Collection entries:
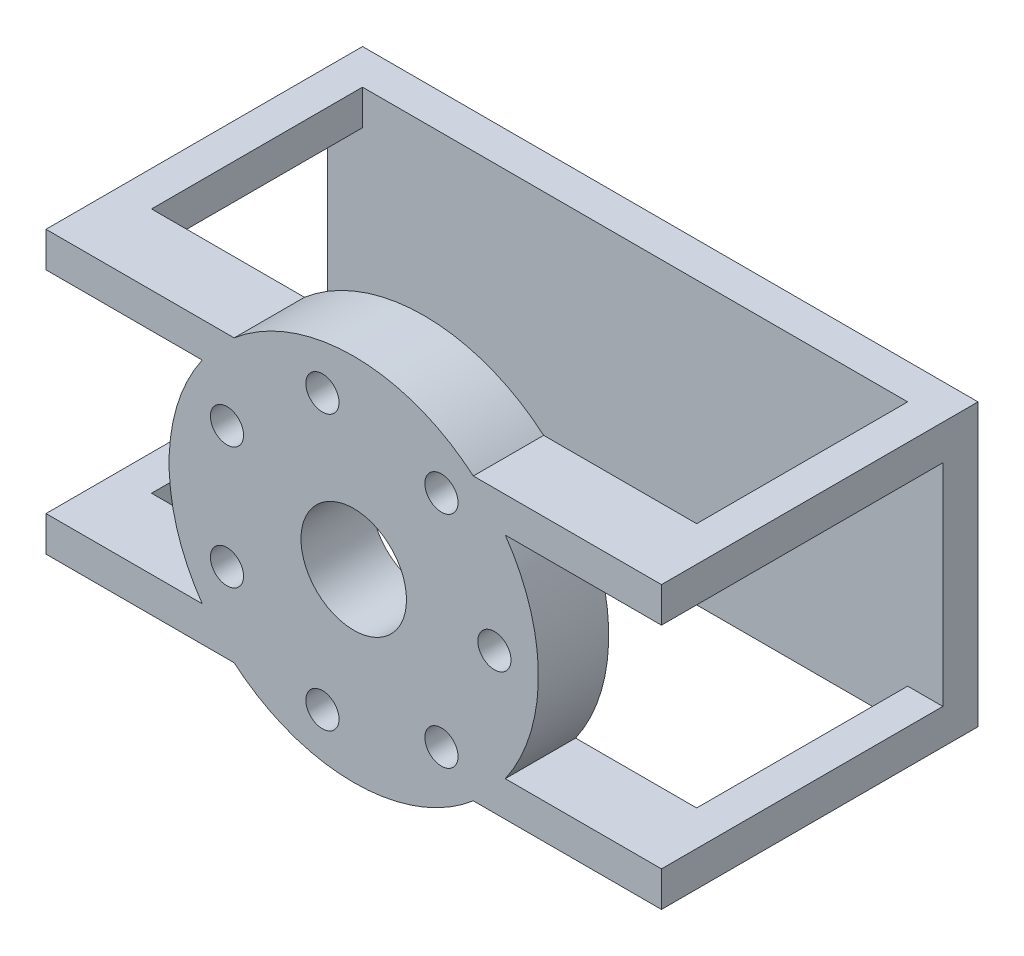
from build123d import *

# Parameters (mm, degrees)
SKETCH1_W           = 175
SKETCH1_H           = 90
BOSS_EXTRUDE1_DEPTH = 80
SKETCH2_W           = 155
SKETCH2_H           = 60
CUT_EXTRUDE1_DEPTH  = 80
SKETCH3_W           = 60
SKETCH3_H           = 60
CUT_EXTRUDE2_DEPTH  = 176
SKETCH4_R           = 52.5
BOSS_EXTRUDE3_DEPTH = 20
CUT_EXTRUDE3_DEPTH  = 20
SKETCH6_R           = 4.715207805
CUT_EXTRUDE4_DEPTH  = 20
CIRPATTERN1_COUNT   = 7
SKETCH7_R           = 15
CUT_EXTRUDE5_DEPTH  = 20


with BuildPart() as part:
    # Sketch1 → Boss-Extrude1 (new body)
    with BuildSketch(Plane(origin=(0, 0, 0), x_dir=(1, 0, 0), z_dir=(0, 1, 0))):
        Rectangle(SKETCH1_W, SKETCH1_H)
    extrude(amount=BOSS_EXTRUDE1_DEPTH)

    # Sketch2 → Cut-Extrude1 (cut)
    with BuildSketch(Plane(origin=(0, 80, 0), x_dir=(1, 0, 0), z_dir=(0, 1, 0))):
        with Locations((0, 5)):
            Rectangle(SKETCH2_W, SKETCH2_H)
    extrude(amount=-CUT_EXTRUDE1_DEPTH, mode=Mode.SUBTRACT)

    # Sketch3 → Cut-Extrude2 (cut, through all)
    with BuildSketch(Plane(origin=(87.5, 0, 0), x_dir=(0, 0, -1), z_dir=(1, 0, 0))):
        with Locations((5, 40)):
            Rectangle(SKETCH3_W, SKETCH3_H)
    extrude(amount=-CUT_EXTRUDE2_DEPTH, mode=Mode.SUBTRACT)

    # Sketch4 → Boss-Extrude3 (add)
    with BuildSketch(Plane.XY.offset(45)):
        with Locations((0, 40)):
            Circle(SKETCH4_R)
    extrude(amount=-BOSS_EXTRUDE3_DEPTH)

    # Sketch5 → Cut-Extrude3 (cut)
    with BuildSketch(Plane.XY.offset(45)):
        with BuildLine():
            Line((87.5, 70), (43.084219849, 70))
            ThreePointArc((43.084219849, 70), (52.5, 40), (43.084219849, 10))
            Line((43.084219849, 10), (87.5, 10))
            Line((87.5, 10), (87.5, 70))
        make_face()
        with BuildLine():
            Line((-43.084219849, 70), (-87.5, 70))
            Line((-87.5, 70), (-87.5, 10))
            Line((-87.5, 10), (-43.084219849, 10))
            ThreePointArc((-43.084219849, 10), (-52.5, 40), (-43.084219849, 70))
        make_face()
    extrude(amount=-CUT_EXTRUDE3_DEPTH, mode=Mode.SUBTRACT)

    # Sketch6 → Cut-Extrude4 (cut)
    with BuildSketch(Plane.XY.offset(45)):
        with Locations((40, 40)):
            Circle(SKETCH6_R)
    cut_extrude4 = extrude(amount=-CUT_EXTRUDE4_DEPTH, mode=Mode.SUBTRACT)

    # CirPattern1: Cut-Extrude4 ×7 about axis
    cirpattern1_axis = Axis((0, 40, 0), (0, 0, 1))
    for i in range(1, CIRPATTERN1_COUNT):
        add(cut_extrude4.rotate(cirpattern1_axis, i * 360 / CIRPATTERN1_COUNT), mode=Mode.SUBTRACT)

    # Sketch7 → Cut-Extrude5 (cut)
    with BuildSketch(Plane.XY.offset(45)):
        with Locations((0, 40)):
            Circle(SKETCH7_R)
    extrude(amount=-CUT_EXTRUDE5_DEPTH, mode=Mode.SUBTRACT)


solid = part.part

**TASK ITEM**
Nothing but a number belongs in the answer: the number of lines above that contain "Rectangle".

**RESULT OF THE EXERCISE**
3